───── SUPPLIED MATERIAL ─────

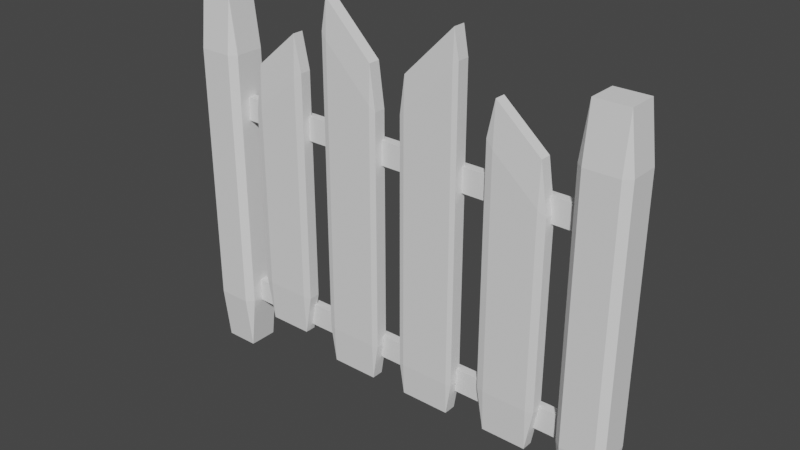 # Source: Fences1.blend  (saved by Blender 2.91.10; exported with 4.5.12 LTS)
import bpy
from mathutils import Matrix  # noqa: F401  (used for matrix-valued properties, if any)

bpy.ops.wm.read_factory_settings(use_empty=True)
scene = bpy.context.scene
scene.name = 'Scene'

# ---- collections
col_collection = bpy.data.collections.new('Collection'); scene.collection.children.link(col_collection)

# ---- world
world_world = bpy.data.worlds.new('World'); scene.world = world_world
world_world.use_nodes = True; world_world.node_tree.nodes.clear()
_N = world_world.node_tree.nodes; _L = world_world.node_tree.links
n0 = _N.new('ShaderNodeOutputWorld'); n0.name = 'World Output'; n0.location = (300, 300)
n1 = _N.new('ShaderNodeBackground'); n1.name = 'Background'; n1.location = (10, 300)
n1.inputs[0].default_value = (0.05088, 0.05088, 0.05088, 1.0)
_L.new(n1.outputs[0], n0.inputs[0])
n0.is_active_output = True
world_world.color = (0.05088, 0.05088, 0.05088)
world_world.use_sun_shadow = False
world_world.sun_shadow_jitter_overblur = 0.0

# ---- meshes
me_cube_017 = bpy.data.meshes.new('Cube.017')
me_cube_017.from_pydata([(-1.0, -0.8332, -0.8332), (-0.8332, -0.8332, -1.0), (-0.8332, -1.0, -0.8332), (-1.0, 0.8332, -0.8332), (-0.8332, 1.0, -0.8332), (-0.8332, 0.8332, -1.0), (1.0, -0.8332, -0.8332), (0.8332, -1.0, -0.8332), (0.8332, -0.8332, -1.0), (0.8332, 1.0, -0.8332), (1.0, 0.8332, -0.8332), (0.8332, 0.8332, -1.0), (-1.0, -0.8332, 0.4644), (-0.8332, -1.0, 0.4885), (-0.8352, -0.8332, 0.657), (-0.8332, 1.0, 0.4885), (-1.0, 0.8332, 0.4644), (-0.8352, 0.8332, 0.657), (0.8332, -1.0, 0.7488), (1.0, -0.8332, 0.7769), (0.8352, -0.8332, 0.918), (0.8332, 1.0, 0.7488), (0.8352, 0.8332, 0.918), (1.0, 0.8332, 0.7769), (-8.876, -1.082, -1.161), (-8.876, -1.905, -0.8713), (-9.111, -1.082, -0.8713), (-8.876, -1.905, 0.5189), (-8.876, -1.082, 0.8082), (-9.111, -1.082, 0.5189), (-8.876, 2.872, -1.161), (-9.111, 2.872, -0.8713), (-8.876, 3.695, -0.8713), (-8.876, 2.872, 0.8082), (-8.876, 3.695, 0.5189), (-9.111, 2.872, 0.5189), (-7.746, -1.082, -1.161), (-7.511, -1.082, -0.8713), (-7.746, -1.905, -0.8713), (-7.746, -1.082, 0.8082), (-7.746, -1.905, 0.5189), (-7.511, -1.082, 0.5189), (-7.746, 2.872, -1.161), (-7.746, 3.695, -0.8713), (-7.511, 2.872, -0.8713), (-7.746, 2.872, 0.8082), (-7.511, 2.872, 0.5189), (-7.746, 3.695, 0.5189), (5.036, -1.082, -1.129), (5.036, -1.905, -0.8492), (4.801, -1.082, -0.8492), (5.036, -1.905, 0.4968), (5.036, -1.082, 0.7769), (4.801, -1.082, 0.4968), (5.036, 2.872, -1.129), (4.801, 2.872, -0.8492), (5.036, 3.695, -0.8492), (5.036, 2.872, 0.7769), (5.036, 3.695, 0.4968), (4.801, 2.872, 0.4968), (6.166, -1.082, -1.129), (6.401, -1.082, -0.8492), (6.166, -1.905, -0.8492), (6.166, -1.082, 0.7769), (6.166, -1.905, 0.4968), (6.401, -1.082, 0.4968), (6.166, 2.872, -1.129), (6.166, 3.695, -0.8492), (6.401, 2.872, -0.8492), (6.166, 2.872, 0.7769), (6.401, 2.872, 0.4968), (6.166, 3.695, 0.4968), (-8.421, 0.2947, 0.1642), (-8.421, 0.2947, 0.2892), (-8.421, 1.495, 0.1642), (-8.421, 1.495, 0.2892), (5.479, 0.2947, 0.1642), (5.479, 0.2947, 0.2892), (5.479, 1.495, 0.1642), (5.479, 1.495, 0.2892), (-8.421, 0.2947, -0.8858), (-8.421, 0.2947, -0.7608), (-8.421, 1.495, -0.8858), (-8.421, 1.495, -0.7608), (5.479, 0.2947, -0.8858), (5.479, 0.2947, -0.7608), (5.479, 1.495, -0.8858), (5.479, 1.495, -0.7608), (-6.848, -0.7442, -0.7023), (-6.592, -0.7442, -0.9201), (-6.592, -1.0, -0.7023), (-6.848, 0.7442, -0.7023), (-6.592, 1.0, -0.7023), (-6.592, 0.7442, -0.9201), (-4.848, -0.7442, -0.7023), (-5.104, -1.0, -0.7023), (-5.104, -0.7442, -0.9201), (-5.104, 1.0, -0.7023), (-4.848, 0.7442, -0.7023), (-5.104, 0.7442, -0.9201), (-6.848, -0.7442, 0.2511), (-6.592, -1.0, 0.2825), (-6.595, -0.7442, 0.5026), (-6.592, 1.0, 0.2825), (-6.848, 0.7442, 0.2511), (-6.595, 0.7442, 0.5026), (-5.104, -1.0, 0.4806), (-4.848, -0.7442, 0.5173), (-5.101, -0.7442, 0.7015), (-5.104, 1.0, 0.4806), (-5.101, 0.7442, 0.7015), (-4.848, 0.7442, 0.5173), (-1.924, 0.8069, -0.8077), (-2.118, 0.8069, -1.001), (-2.118, 1.0, -0.8077), (-1.924, -0.8069, -0.8077), (-2.118, -1.0, -0.8077), (-2.118, -0.8069, -1.001), (-3.924, 0.8069, -0.8077), (-3.731, 1.0, -0.8077), (-3.731, 0.8069, -1.001), (-3.731, -1.0, -0.8077), (-3.924, -0.8069, -0.8077), (-3.731, -0.8069, -1.001), (-1.924, 0.8069, 0.4375), (-2.118, 1.0, 0.4653), (-2.115, 0.8069, 0.6603), (-2.118, -1.0, 0.4653), (-1.924, -0.8069, 0.4375), (-2.115, -0.8069, 0.6603), (-3.731, 1.0, 0.7174), (-3.924, 0.8069, 0.75), (-3.734, 0.8069, 0.9132), (-3.731, -1.0, 0.7174), (-3.734, -0.8069, 0.9132), (-3.924, -0.8069, 0.75), (3.957, 0.7483, -0.7737), (3.705, 0.7483, -0.9919), (3.705, 1.0, -0.7737), (3.957, -0.7484, -0.7737), (3.705, -1.0, -0.7737), (3.705, -0.7484, -0.9919), (1.957, 0.7483, -0.7737), (2.208, 1.0, -0.7737), (2.208, 0.7483, -0.9919), (2.208, -1.0, -0.7737), (1.957, -0.7484, -0.7737), (2.208, -0.7484, -0.9919), (3.957, 0.7483, 0.2045), (3.705, 1.0, 0.2359), (3.708, 0.7483, 0.4564), (3.705, -1.0, 0.2359), (3.957, -0.7484, 0.2045), (3.708, -0.7484, 0.4564), (2.208, 1.0, 0.4387), (1.957, 0.7483, 0.4755), (2.205, 0.7483, 0.66), (2.208, -1.0, 0.4387), (2.205, -0.7484, 0.66), (1.957, -0.7484, 0.4755)], [], [(13, 2, 7, 18), (5, 11, 8, 1), (19, 6, 10, 23), (22, 17, 14, 20), (9, 4, 15, 21), (0, 1, 2), (3, 4, 5), (6, 7, 8), (9, 10, 11), (12, 13, 14), (15, 16, 17), (18, 19, 20), (21, 22, 23), (5, 1, 0, 3), (11, 5, 4, 9), (8, 11, 10, 6), (1, 8, 7, 2), (21, 15, 17, 22), (16, 12, 14, 17), (13, 18, 20, 14), (19, 23, 22, 20), (2, 13, 12, 0), (15, 4, 3, 16), (23, 10, 9, 21), (18, 7, 6, 19), (3, 0, 12, 16), (38, 40, 27, 25), (44, 46, 41, 37), (45, 33, 28, 39), (26, 29, 35, 31), (32, 34, 47, 43), (24, 25, 26), (27, 28, 29), (30, 31, 32), (33, 34, 35), (36, 37, 38), (39, 40, 41), (42, 43, 44), (45, 46, 47), (30, 24, 26, 31), (25, 27, 29, 26), (28, 33, 35, 29), (34, 32, 31, 35), (42, 30, 32, 43), (33, 45, 47, 34), (46, 44, 43, 47), (36, 42, 44, 37), (45, 39, 41, 46), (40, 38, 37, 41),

─────

## [ABOUT THIS EXERCISE]
The output is the lines from the start of the data above through the line containing "n0 = _N.new('ShaderNodeOutputWorld');", unchanged, with any picture left out.

## [SOLUTION TO THE EXERCISE]
 # Source: Fences1.blend  (saved by Blender 2.91.10; exported with 4.5.12 LTS)
import bpy
from mathutils import Matrix  # noqa: F401  (used for matrix-valued properties, if any)

bpy.ops.wm.read_factory_settings(use_empty=True)
scene = bpy.context.scene
scene.name = 'Scene'

# ---- collections
col_collection = bpy.data.collections.new('Collection'); scene.collection.children.link(col_collection)

# ---- world
world_world = bpy.data.worlds.new('World'); scene.world = world_world
world_world.use_nodes = True; world_world.node_tree.nodes.clear()
_N = world_world.node_tree.nodes; _L = world_world.node_tree.links
n0 = _N.new('ShaderNodeOutputWorld'); n0.name = 'World Output'; n0.location = (300, 300)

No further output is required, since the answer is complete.